The pm-remez crate uses [ndarray-linalg](https://docs.rs/ndarray-linalg/) to
solve eigenvalue problems. This in turn depends on LAPACK. The pm-remez crate
has several feature flags that are used to select the LAPACK backend. Exactly
one of these features needs to be enabled to build pm-remez. The feature flags
are `openblas-static`, `openblas-system`, `netlib-static`, `netlib-system`,
`intel-mkl-static` and `intel-mkl-system`. The `-static` versions of each flag
build the LAPACK backend and link statically against it. The `-system` versions
link against a system-installed library (linking can be dynamic or static
depending on which type of library is installed). For example,
```
cargo build --release --features openblas-system
```
will build against a system-installed OpenBLAS library.

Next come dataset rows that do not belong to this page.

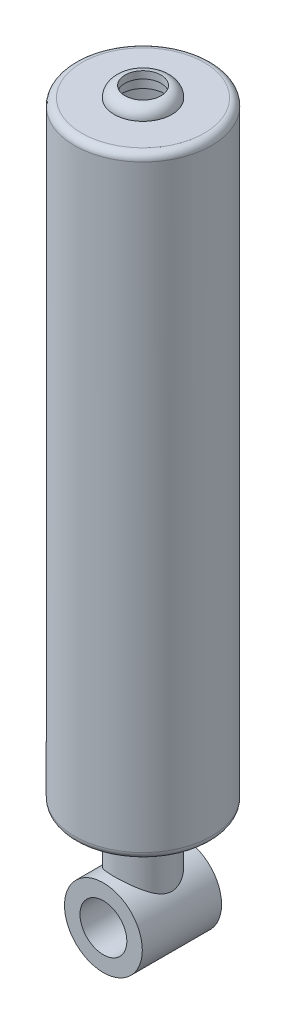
ISO-10303-21;
HEADER;
FILE_DESCRIPTION(('STEP AP214'),'2;1');
FILE_NAME('part.step','',(''),(''),'','','');
FILE_SCHEMA(('AUTOMOTIVE_DESIGN { 1 0 10303 214 1 1 1 1 }'));
ENDSEC;
DATA;
#1=APPLICATION_CONTEXT('core data for automotive mechanical design processes');
#2=APPLICATION_PROTOCOL_DEFINITION('international standard','automotive_design',2000,#1);
#3=PRODUCT_CONTEXT('',#1,'mechanical');
#4=PRODUCT('Part','Part','',(#3));
#5=PRODUCT_RELATED_PRODUCT_CATEGORY('part','',(#4));
#6=PRODUCT_DEFINITION_FORMATION('','',#4);
#7=PRODUCT_DEFINITION_CONTEXT('part definition',#1,'design');
#8=PRODUCT_DEFINITION('design','',#6,#7);
#9=PRODUCT_DEFINITION_SHAPE('','',#8);
#10=(LENGTH_UNIT() NAMED_UNIT(*) SI_UNIT(.MILLI.,.METRE.));
#11=(NAMED_UNIT(*) PLANE_ANGLE_UNIT() SI_UNIT($,.RADIAN.));
#12=(NAMED_UNIT(*) SI_UNIT($,.STERADIAN.) SOLID_ANGLE_UNIT());
#13=UNCERTAINTY_MEASURE_WITH_UNIT(LENGTH_MEASURE(1.E-05),#10,'distance_accuracy_value','');
#14=(GEOMETRIC_REPRESENTATION_CONTEXT(3) GLOBAL_UNCERTAINTY_ASSIGNED_CONTEXT((#13)) GLOBAL_UNIT_ASSIGNED_CONTEXT((#10,
#11,#12)) REPRESENTATION_CONTEXT('',''));
#15=CARTESIAN_POINT('',(0.,0.,0.));
#16=DIRECTION('',(0.,0.,1.));
#17=DIRECTION('',(1.,0.,0.));
#18=AXIS2_PLACEMENT_3D('',#15,#16,#17);
#19=CARTESIAN_POINT('',(0.,26.,5.));
#20=DIRECTION('',(0.,1.,0.));
#21=DIRECTION('',(0.,0.,1.));
#22=AXIS2_PLACEMENT_3D('',#19,#20,#21);
#23=PLANE('',#22);
#24=CARTESIAN_POINT('',(0.,26.0000000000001,11.));
#25=DIRECTION('',(0.,-1.,0.));
#26=DIRECTION('',(0.,0.,-1.));
#27=AXIS2_PLACEMENT_3D('',#24,#25,#26);
#28=CIRCLE('',#27,17.);
#29=CARTESIAN_POINT('',(0.,26.0000000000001,-6.00000000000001));
#30=VERTEX_POINT('',#29);
#31=EDGE_CURVE('E64',#30,#30,#28,.T.);
#32=ORIENTED_EDGE('',*,*,#31,.F.);
#33=EDGE_LOOP('',(#32));
#34=FACE_BOUND('',#33,.T.);
#35=CARTESIAN_POINT('',(0.,26.0000000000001,11.));
#36=DIRECTION('',(0.,1.,0.));
#37=DIRECTION('',(0.,0.,1.));
#38=AXIS2_PLACEMENT_3D('',#35,#36,#37);
#39=CIRCLE('',#38,8.);
#40=CARTESIAN_POINT('',(0.,26.0000000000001,19.));
#41=VERTEX_POINT('',#40);
#42=EDGE_CURVE('E61',#41,#41,#39,.T.);
#43=ORIENTED_EDGE('',*,*,#42,.F.);
#44=EDGE_LOOP('',(#43));
#45=FACE_BOUND('',#44,.T.);
#46=ADVANCED_FACE('F27',(#34,#45),#23,.T.);
#47=CARTESIAN_POINT('',(0.,0.,11.));
#48=DIRECTION('',(0.,-1.,0.));
#49=DIRECTION('',(0.,0.,-1.));
#50=AXIS2_PLACEMENT_3D('',#47,#48,#49);
#51=CYLINDRICAL_SURFACE('',#50,17.);
#52=ORIENTED_EDGE('',*,*,#31,.T.);
#53=EDGE_LOOP('',(#52));
#54=FACE_BOUND('',#53,.T.);
#55=CARTESIAN_POINT('',(1.76941794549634E-13,192.000000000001,11.));
#56=DIRECTION('',(0.,-1.,0.));
#57=DIRECTION('',(0.,0.,-1.));
#58=AXIS2_PLACEMENT_3D('',#55,#56,#57);
#59=CIRCLE('',#58,17.);
#60=CARTESIAN_POINT('',(1.82579981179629E-13,192.000000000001,-6.00000000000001));
#61=VERTEX_POINT('',#60);
#62=EDGE_CURVE('E177',#61,#61,#59,.T.);
#63=ORIENTED_EDGE('',*,*,#62,.F.);
#64=EDGE_LOOP('',(#63));
#65=FACE_BOUND('',#64,.T.);
#66=ADVANCED_FACE('F96',(#54,#65),#51,.F.);
#67=CARTESIAN_POINT('',(0.,192.,5.));
#68=DIRECTION('',(0.,-1.,0.));
#69=DIRECTION('',(0.,0.,-1.));
#70=AXIS2_PLACEMENT_3D('',#67,#68,#69);
#71=PLANE('',#70);
#72=ORIENTED_EDGE('',*,*,#62,.T.);
#73=EDGE_LOOP('',(#72));
#74=FACE_BOUND('',#73,.T.);
#75=CARTESIAN_POINT('',(1.76941794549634E-13,192.000000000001,11.));
#76=DIRECTION('',(0.,-1.,0.));
#77=DIRECTION('',(0.,0.,-1.));
#78=AXIS2_PLACEMENT_3D('',#75,#76,#77);
#79=CIRCLE('',#78,6.);
#80=CARTESIAN_POINT('',(1.78931742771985E-13,192.000000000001,5.));
#81=VERTEX_POINT('',#80);
#82=EDGE_CURVE('E180',#81,#81,#79,.T.);
#83=ORIENTED_EDGE('',*,*,#82,.F.);
#84=EDGE_LOOP('',(#83));
#85=FACE_BOUND('',#84,.T.);
#86=ADVANCED_FACE('F102',(#74,#85),#71,.T.);
#87=CARTESIAN_POINT('',(0.,0.,11.));
#88=DIRECTION('',(0.,-1.,0.));
#89=DIRECTION('',(0.,0.,-1.));
#90=AXIS2_PLACEMENT_3D('',#87,#88,#89);
#91=CYLINDRICAL_SURFACE('',#90,6.);
#92=ORIENTED_EDGE('',*,*,#82,.T.);
#93=EDGE_LOOP('',(#92));
#94=FACE_BOUND('',#93,.T.);
#95=CARTESIAN_POINT('',(1.87350135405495E-13,195.000000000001,11.));
#96=DIRECTION('',(0.,-1.,0.));
#97=DIRECTION('',(0.,0.,-1.));
#98=AXIS2_PLACEMENT_3D('',#95,#96,#97);
#99=CIRCLE('',#98,6.);
#100=CARTESIAN_POINT('',(1.89340083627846E-13,195.000000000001,5.));
#101=VERTEX_POINT('',#100);
#102=EDGE_CURVE('E181',#101,#101,#99,.T.);
#103=ORIENTED_EDGE('',*,*,#102,.F.);
#104=EDGE_LOOP('',(#103));
#105=FACE_BOUND('',#104,.T.);
#106=ADVANCED_FACE('F166',(#94,#105),#91,.F.);
#107=CARTESIAN_POINT('',(1.87350135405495E-13,195.000000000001,11.));
#108=DIRECTION('',(0.,-1.,0.));
#109=DIRECTION('',(0.,0.,-1.));
#110=AXIS2_PLACEMENT_3D('',#107,#108,#109);
#111=PLANE('',#110);
#112=CARTESIAN_POINT('',(1.87350135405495E-13,195.000000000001,11.));
#113=DIRECTION('',(0.,-1.,0.));
#114=DIRECTION('',(0.,0.,-1.));
#115=AXIS2_PLACEMENT_3D('',#112,#113,#114);
#116=CIRCLE('',#115,5.);
#117=CARTESIAN_POINT('',(1.89008425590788E-13,195.000000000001,5.99999999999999));
#118=VERTEX_POINT('',#117);
#119=EDGE_CURVE('E52',#118,#118,#116,.T.);
#120=ORIENTED_EDGE('',*,*,#119,.F.);
#121=EDGE_LOOP('',(#120));
#122=FACE_BOUND('',#121,.T.);
#123=ORIENTED_EDGE('',*,*,#102,.T.);
#124=EDGE_LOOP('',(#123));
#125=FACE_BOUND('',#124,.T.);
#126=ADVANCED_FACE('F163',(#122,#125),#111,.T.);
#127=CARTESIAN_POINT('',(0.,30.0000000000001,10.9999999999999));
#128=DIRECTION('',(0.,1.,0.));
#129=DIRECTION('',(0.,0.,1.));
#130=AXIS2_PLACEMENT_3D('',#127,#128,#129);
#131=PLANE('',#130);
#132=CARTESIAN_POINT('',(0.,30.0000000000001,10.9999999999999));
#133=DIRECTION('',(0.,1.,0.));
#134=DIRECTION('',(0.,0.,1.));
#135=AXIS2_PLACEMENT_3D('',#132,#133,#134);
#136=CIRCLE('',#135,5.);
#137=CARTESIAN_POINT('',(0.,30.0000000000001,15.9999999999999));
#138=VERTEX_POINT('',#137);
#139=EDGE_CURVE('E196',#138,#138,#136,.T.);
#140=ORIENTED_EDGE('',*,*,#139,.F.);
#141=EDGE_LOOP('',(#140));
#142=FACE_BOUND('',#141,.T.);
#143=CARTESIAN_POINT('',(0.,30.0000000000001,10.9999999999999));
#144=DIRECTION('',(0.,1.,0.));
#145=DIRECTION('',(0.,0.,1.));
#146=AXIS2_PLACEMENT_3D('',#143,#144,#145);
#147=CIRCLE('',#146,8.);
#148=CARTESIAN_POINT('',(0.,30.0000000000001,18.9999999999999));
#149=VERTEX_POINT('',#148);
#150=EDGE_CURVE('E123',#149,#149,#147,.T.);
#151=ORIENTED_EDGE('',*,*,#150,.T.);
#152=EDGE_LOOP('',(#151));
#153=FACE_BOUND('',#152,.T.);
#154=ADVANCED_FACE('F78',(#142,#153),#131,.T.);
#155=CARTESIAN_POINT('',(0.,30.0000000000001,10.9999999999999));
#156=DIRECTION('',(0.,-1.,0.));
#157=DIRECTION('',(0.,0.,-1.));
#158=AXIS2_PLACEMENT_3D('',#155,#156,#157);
#159=CYLINDRICAL_SURFACE('',#158,8.);
#160=ORIENTED_EDGE('',*,*,#42,.T.);
#161=EDGE_LOOP('',(#160));
#162=FACE_BOUND('',#161,.T.);
#163=ORIENTED_EDGE('',*,*,#150,.F.);
#164=EDGE_LOOP('',(#163));
#165=FACE_BOUND('',#164,.T.);
#166=ADVANCED_FACE('F72',(#162,#165),#159,.T.);
#167=CARTESIAN_POINT('',(1.6826817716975E-13,167.,11.));
#168=DIRECTION('',(0.,1.,0.));
#169=DIRECTION('',(0.,0.,1.));
#170=AXIS2_PLACEMENT_3D('',#167,#168,#169);
#171=CYLINDRICAL_SURFACE('',#170,5.);
#172=ORIENTED_EDGE('',*,*,#119,.T.);
#173=EDGE_LOOP('',(#172));
#174=FACE_BOUND('',#173,.T.);
#175=CARTESIAN_POINT('',(1.31838984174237E-13,197.000000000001,10.9999999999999));
#176=DIRECTION('',(0.,1.,0.));
#177=DIRECTION('',(0.,0.,1.));
#178=AXIS2_PLACEMENT_3D('',#175,#176,#177);
#179=CIRCLE('',#178,5.);
#180=CARTESIAN_POINT('',(1.30180693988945E-13,197.000000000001,15.9999999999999));
#181=VERTEX_POINT('',#180);
#182=EDGE_CURVE('E56',#181,#181,#179,.T.);
#183=ORIENTED_EDGE('',*,*,#182,.T.);
#184=EDGE_LOOP('',(#183));
#185=FACE_BOUND('',#184,.T.);
#186=ADVANCED_FACE('F77',(#174,#185),#171,.F.);
#187=CARTESIAN_POINT('',(0.,21.0000000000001,11.));
#188=DIRECTION('',(0.,-1.,0.));
#189=DIRECTION('',(0.,0.,-1.));
#190=AXIS2_PLACEMENT_3D('',#187,#188,#189);
#191=CIRCLE('',#190,8.);
#192=CARTESIAN_POINT('',(0.,21.0000000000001,3.00000000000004));
#193=VERTEX_POINT('',#192);
#194=EDGE_CURVE('E57',#193,#193,#191,.T.);
#195=ORIENTED_EDGE('',*,*,#194,.T.);
#196=EDGE_LOOP('',(#195));
#197=FACE_BOUND('',#196,.T.);
#198=CARTESIAN_POINT('',(0.,10.8,2.99999999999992));
#199=CARTESIAN_POINT('',(-0.196279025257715,10.8000009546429,2.99999899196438));
#200=CARTESIAN_POINT('',(-0.392546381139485,10.794638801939,3.00723327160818));
#201=CARTESIAN_POINT('',(-0.783431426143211,10.7733253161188,3.03604161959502));
#202=CARTESIAN_POINT('',(-0.978049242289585,10.7573748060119,3.05761457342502));
#203=CARTESIAN_POINT('',(-1.36414109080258,10.715262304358,3.11474680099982));
#204=CARTESIAN_POINT('',(-1.55561427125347,10.6890975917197,3.15030980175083));
#205=CARTESIAN_POINT('',(-1.93397723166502,10.6271579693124,3.23486547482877));
#206=CARTESIAN_POINT('',(-2.12086685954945,10.5913827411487,3.28385859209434));
#207=CARTESIAN_POINT('',(-2.48786322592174,10.5112144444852,3.39427441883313));
#208=CARTESIAN_POINT('',(-2.66800135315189,10.4668693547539,3.45562800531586));
#209=CARTESIAN_POINT('',(-3.02167978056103,10.3702976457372,3.5901910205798));
#210=CARTESIAN_POINT('',(-3.19521744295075,10.3180679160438,3.66340512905));
#211=CARTESIAN_POINT('',(-3.53481579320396,10.2067135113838,3.82085676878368));
#212=CARTESIAN_POINT('',(-3.70087928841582,10.1475914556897,3.90509011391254));
#213=CARTESIAN_POINT('',(-4.0251062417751,10.0234062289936,4.08387325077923));
#214=CARTESIAN_POINT('',(-4.1832667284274,9.95834084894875,4.17842688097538));
#215=CARTESIAN_POINT('',(-4.50532077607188,9.8171157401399,4.38621944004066));
#216=CARTESIAN_POINT('',(-4.6684153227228,9.7404856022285,4.50037641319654));
#217=CARTESIAN_POINT('',(-4.98429836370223,9.58269008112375,4.73932897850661));
#218=CARTESIAN_POINT('',(-5.13708554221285,9.50152412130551,4.86412592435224));
#219=CARTESIAN_POINT('',(-5.43230730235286,9.33588374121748,5.12388277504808));
#220=CARTESIAN_POINT('',(-5.57472613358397,9.25140457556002,5.2588575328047));
#221=CARTESIAN_POINT('',(-5.84871747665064,9.080669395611,5.53824390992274));
#222=CARTESIAN_POINT('',(-5.9802929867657,8.99441388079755,5.68265290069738));
#223=CARTESIAN_POINT('',(-6.25750885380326,8.80438161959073,6.01017916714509));
#224=CARTESIAN_POINT('',(-6.4007528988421,8.70052724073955,6.1952881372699));
#225=CARTESIAN_POINT('',(-6.67105068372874,8.49505216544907,6.5782308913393));
#226=CARTESIAN_POINT('',(-6.79809965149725,8.39343213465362,6.7760684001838));
#227=CARTESIAN_POINT('',(-7.03519833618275,8.19571693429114,7.1840393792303));
#228=CARTESIAN_POINT('',(-7.14526592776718,8.09961602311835,7.39415959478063));
#229=CARTESIAN_POINT('',(-7.34750160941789,7.91661602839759,7.82648283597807));
#230=CARTESIAN_POINT('',(-7.43967980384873,7.82971176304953,8.04867894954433));
#231=CARTESIAN_POINT('',(-7.63159301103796,7.64343078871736,8.5789146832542));
#232=CARTESIAN_POINT('',(-7.72415166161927,7.54909241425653,8.8914998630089));
#233=CARTESIAN_POINT('',(-7.83448398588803,7.4339545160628,9.37274146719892));
#234=CARTESIAN_POINT('',(-7.86650046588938,7.39998188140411,9.53512107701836));
#235=CARTESIAN_POINT('',(-7.92057039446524,7.3420801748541,9.86326525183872));
#236=CARTESIAN_POINT('',(-7.94262890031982,7.31814600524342,10.0290280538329));
#237=CARTESIAN_POINT('',(-7.97649745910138,7.28121754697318,10.3642927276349));
#238=CARTESIAN_POINT('',(-7.98821672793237,7.26832019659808,10.5338145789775));
#239=CARTESIAN_POINT('',(-8.0008113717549,7.25445434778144,10.8737494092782));
#240=CARTESIAN_POINT('',(-8.00168722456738,7.25348532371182,11.0441623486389));
#241=CARTESIAN_POINT('',(-7.99257147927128,7.26352843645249,11.3844266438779));
#242=CARTESIAN_POINT('',(-7.98257420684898,7.2745468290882,11.5542776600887));
#243=CARTESIAN_POINT('',(-7.95193692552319,7.30802341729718,11.891874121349));
#244=CARTESIAN_POINT('',(-7.93129575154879,7.33048286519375,12.05961933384));
#245=CARTESIAN_POINT('',(-7.87723784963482,7.38856190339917,12.4082834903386));
#246=CARTESIAN_POINT('',(-7.84275537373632,7.42526750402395,12.5888549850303));
#247=CARTESIAN_POINT('',(-7.7621391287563,7.50949957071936,12.9448778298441));
#248=CARTESIAN_POINT('',(-7.71599758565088,7.55703325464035,13.1203256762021));
#249=CARTESIAN_POINT('',(-7.61271497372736,7.66106686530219,13.4655844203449));
#250=CARTESIAN_POINT('',(-7.55555288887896,7.71758388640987,13.6353838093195));
#251=CARTESIAN_POINT('',(-7.43097899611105,7.83760373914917,13.9685310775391));
#252=CARTESIAN_POINT('',(-7.36356988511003,7.90110473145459,14.1318806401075));
#253=CARTESIAN_POINT('',(-7.19258768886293,8.05757775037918,14.5105896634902));
#254=CARTESIAN_POINT('',(-7.08480640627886,8.15283246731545,14.723113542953));
#255=CARTESIAN_POINT('',(-6.85215960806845,8.34931825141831,15.1357017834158));
#256=CARTESIAN_POINT('',(-6.72728825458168,8.4505513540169,15.3357618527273));
#257=CARTESIAN_POINT('',(-6.46103924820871,8.6558222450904,15.7233781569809));
#258=CARTESIAN_POINT('',(-6.31964553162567,8.75986268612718,15.9109219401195));
#259=CARTESIAN_POINT('',(-6.02092998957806,8.96780483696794,16.2728983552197));
#260=CARTESIAN_POINT('',(-5.86361006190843,9.07170656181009,16.4473325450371));
#261=CARTESIAN_POINT('',(-5.53068847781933,9.27849700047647,16.7852083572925));
#262=CARTESIAN_POINT('',(-5.354831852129,9.38134200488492,16.9484260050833));
#263=CARTESIAN_POINT('',(-4.98734856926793,9.58176175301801,17.2597394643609));
#264=CARTESIAN_POINT('',(-4.79572018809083,9.67933591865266,17.4078336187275));
#265=CARTESIAN_POINT('',(-4.39761924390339,9.86657184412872,17.6872994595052));
#266=CARTESIAN_POINT('',(-4.19117612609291,9.95624855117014,17.8187029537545));
#267=CARTESIAN_POINT('',(-3.76397643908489,10.125473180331,18.0634995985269));
#268=CARTESIAN_POINT('',(-3.54322523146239,10.2050248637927,18.1768994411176));
#269=CARTESIAN_POINT('',(-3.14668728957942,10.3329584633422,18.3575119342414));
#270=CARTESIAN_POINT('',(-2.973788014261,10.3841159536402,18.4291286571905));
#271=CARTESIAN_POINT('',(-2.62151761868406,10.4785913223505,18.560619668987));
#272=CARTESIAN_POINT('',(-2.44214795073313,10.5219109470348,18.6204965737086));
#273=CARTESIAN_POINT('',(-2.07795643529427,10.5998469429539,18.7277494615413));
#274=CARTESIAN_POINT('',(-1.89313744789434,10.6344677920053,18.77513187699));
#275=CARTESIAN_POINT('',(-1.51911019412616,10.6943054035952,18.8567767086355));
#276=CARTESIAN_POINT('',(-1.32990182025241,10.719521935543,18.8910388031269));
#277=CARTESIAN_POINT('',(-0.947638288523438,10.7600686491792,18.9460320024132));
#278=CARTESIAN_POINT('',(-0.754570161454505,10.7753561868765,18.9667047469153));
#279=CARTESIAN_POINT('',(-0.366895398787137,10.7955110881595,18.9939442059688));
#280=CARTESIAN_POINT('',(-0.17228876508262,10.8003784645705,19.0005109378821));
#281=CARTESIAN_POINT('',(0.21685808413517,10.7995755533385,18.9994269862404));
#282=CARTESIAN_POINT('',(0.411398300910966,10.7939054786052,18.9917765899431));
#283=CARTESIAN_POINT('',(0.79881691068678,10.7721646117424,18.9623883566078));
#284=CARTESIAN_POINT('',(0.991695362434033,10.7560941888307,18.9406510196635));
#285=CARTESIAN_POINT('',(1.36157595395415,10.7153350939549,18.8853490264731));
#286=CARTESIAN_POINT('',(1.53878223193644,10.6912891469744,18.8526650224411));
#287=CARTESIAN_POINT('',(1.88939034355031,10.6349302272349,18.7757588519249));
#288=CARTESIAN_POINT('',(2.06279086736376,10.6026144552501,18.7315327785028));
#289=CARTESIAN_POINT('',(2.40472053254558,10.5303300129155,18.6321042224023));
#290=CARTESIAN_POINT('',(2.57325087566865,10.4903632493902,18.5769044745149));
#291=CARTESIAN_POINT('',(2.90474789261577,10.4034523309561,18.4561101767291));
#292=CARTESIAN_POINT('',(3.06771248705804,10.3565056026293,18.390511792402));
#293=CARTESIAN_POINT('',(3.39922868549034,10.2526870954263,18.2443383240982));
#294=CARTESIAN_POINT('',(3.56730081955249,10.1953378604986,18.1630140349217));
#295=CARTESIAN_POINT('',(3.89565891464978,10.0744483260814,17.98987372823));
#296=CARTESIAN_POINT('',(4.05594161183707,10.0109054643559,17.8980533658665));
#297=CARTESIAN_POINT('',(4.52445302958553,9.81244800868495,17.6078881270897));
#298=CARTESIAN_POINT('',(4.82046077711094,9.66966720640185,17.3947874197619));
#299=CARTESIAN_POINT('',(5.26331424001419,9.43252746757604,17.0285391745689));
#300=CARTESIAN_POINT('',(5.4217480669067,9.34217685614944,16.8863986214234));
#301=CARTESIAN_POINT('',(5.7260550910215,9.15880919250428,16.5908172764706));
#302=CARTESIAN_POINT('',(5.8719302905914,9.0657925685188,16.4373782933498));
#303=CARTESIAN_POINT('',(6.15100545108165,8.87881710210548,16.1195633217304));
#304=CARTESIAN_POINT('',(6.28419038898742,8.78485728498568,15.9551747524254));
#305=CARTESIAN_POINT('',(6.53740799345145,8.59808305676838,15.61595971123));
#306=CARTESIAN_POINT('',(6.65744194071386,8.5052685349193,15.4411342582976));
#307=CARTESIAN_POINT('',(6.87546293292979,8.32983180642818,15.094715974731));
#308=CARTESIAN_POINT('',(6.97442787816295,8.24696686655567,14.9238616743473));
#309=CARTESIAN_POINT('',(7.16029008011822,8.08612066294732,14.5734543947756));
#310=CARTESIAN_POINT('',(7.24718646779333,8.00813975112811,14.3939007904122));
#311=CARTESIAN_POINT('',(7.40811233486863,7.85950711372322,14.0265522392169));
#312=CARTESIAN_POINT('',(7.4821621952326,7.78884385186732,13.8387709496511));
#313=CARTESIAN_POINT('',(7.61667881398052,7.65735309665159,13.4550934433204));
#314=CARTESIAN_POINT('',(7.67715161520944,7.59652123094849,13.2592008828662));
#315=CARTESIAN_POINT('',(7.77029884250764,7.5010490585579,12.9095996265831));
#316=CARTESIAN_POINT('',(7.8061476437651,7.46365519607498,12.7574850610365));
#317=CARTESIAN_POINT('',(7.86911238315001,7.39724057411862,12.4497291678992));
#318=CARTESIAN_POINT('',(7.89623351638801,7.36821483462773,12.294089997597));
#319=CARTESIAN_POINT('',(7.94130243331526,7.31961873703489,11.9802132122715));
#320=CARTESIAN_POINT('',(7.95926146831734,7.30003678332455,11.821979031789));
#321=CARTESIAN_POINT('',(7.98571776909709,7.27108661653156,11.5037800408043));
#322=CARTESIAN_POINT('',(7.99421505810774,7.26171837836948,11.3438152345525));
#323=CARTESIAN_POINT('',(8.00158265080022,7.25359958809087,11.0228670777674));
#324=CARTESIAN_POINT('',(8.00042141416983,7.25488382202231,10.8618821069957));
#325=CARTESIAN_POINT('',(7.98842208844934,7.26809395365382,10.5407206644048));
#326=CARTESIAN_POINT('',(7.97758408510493,7.28001975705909,10.3805441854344));
#327=CARTESIAN_POINT('',(7.94643942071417,7.31400214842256,10.0620620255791));
#328=CARTESIAN_POINT('',(7.92612397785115,7.33606813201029,9.90375821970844));
#329=CARTESIAN_POINT('',(7.87638382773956,7.38944534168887,9.59009990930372));
#330=CARTESIAN_POINT('',(7.84695365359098,7.42076211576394,9.43474723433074));
#331=CARTESIAN_POINT('',(7.77054501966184,7.50082964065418,9.08740226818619));
#332=CARTESIAN_POINT('',(7.72098636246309,7.55199967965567,8.89653368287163));
#333=CARTESIAN_POINT('',(7.60899092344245,7.66482641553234,8.52178579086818));
#334=CARTESIAN_POINT('',(7.54654858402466,7.72648763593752,8.33790954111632));
#335=CARTESIAN_POINT('',(7.40951161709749,7.85800026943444,7.97735093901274));
#336=CARTESIAN_POINT('',(7.33489343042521,7.92786748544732,7.80068338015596));
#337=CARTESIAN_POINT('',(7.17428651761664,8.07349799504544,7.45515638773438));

The Python package is built using [maturin](https://docs.rs/ndarray-linalg/).
It can be built with
```
maturin build --release
```
or
```
python -mbuild
```

## License

Licensed under either of

 * Apache License, Version 2.0
   ([LICENSE-APACHE](LICENSE-APACHE) or http://www.apache.org/licenses/LICENSE-2.0)
 * MIT license
   ([LICENSE-MIT](LICENSE-MIT) or http://opensource.org/licenses/MIT)

at your option.

## Contribution

Unless you explicitly state otherwise, any contribution intentionally submitted
for inclusion in the work by you, as defined in the Apache-2.0 license, shall be
dual licensed as above, without any additional terms or conditions.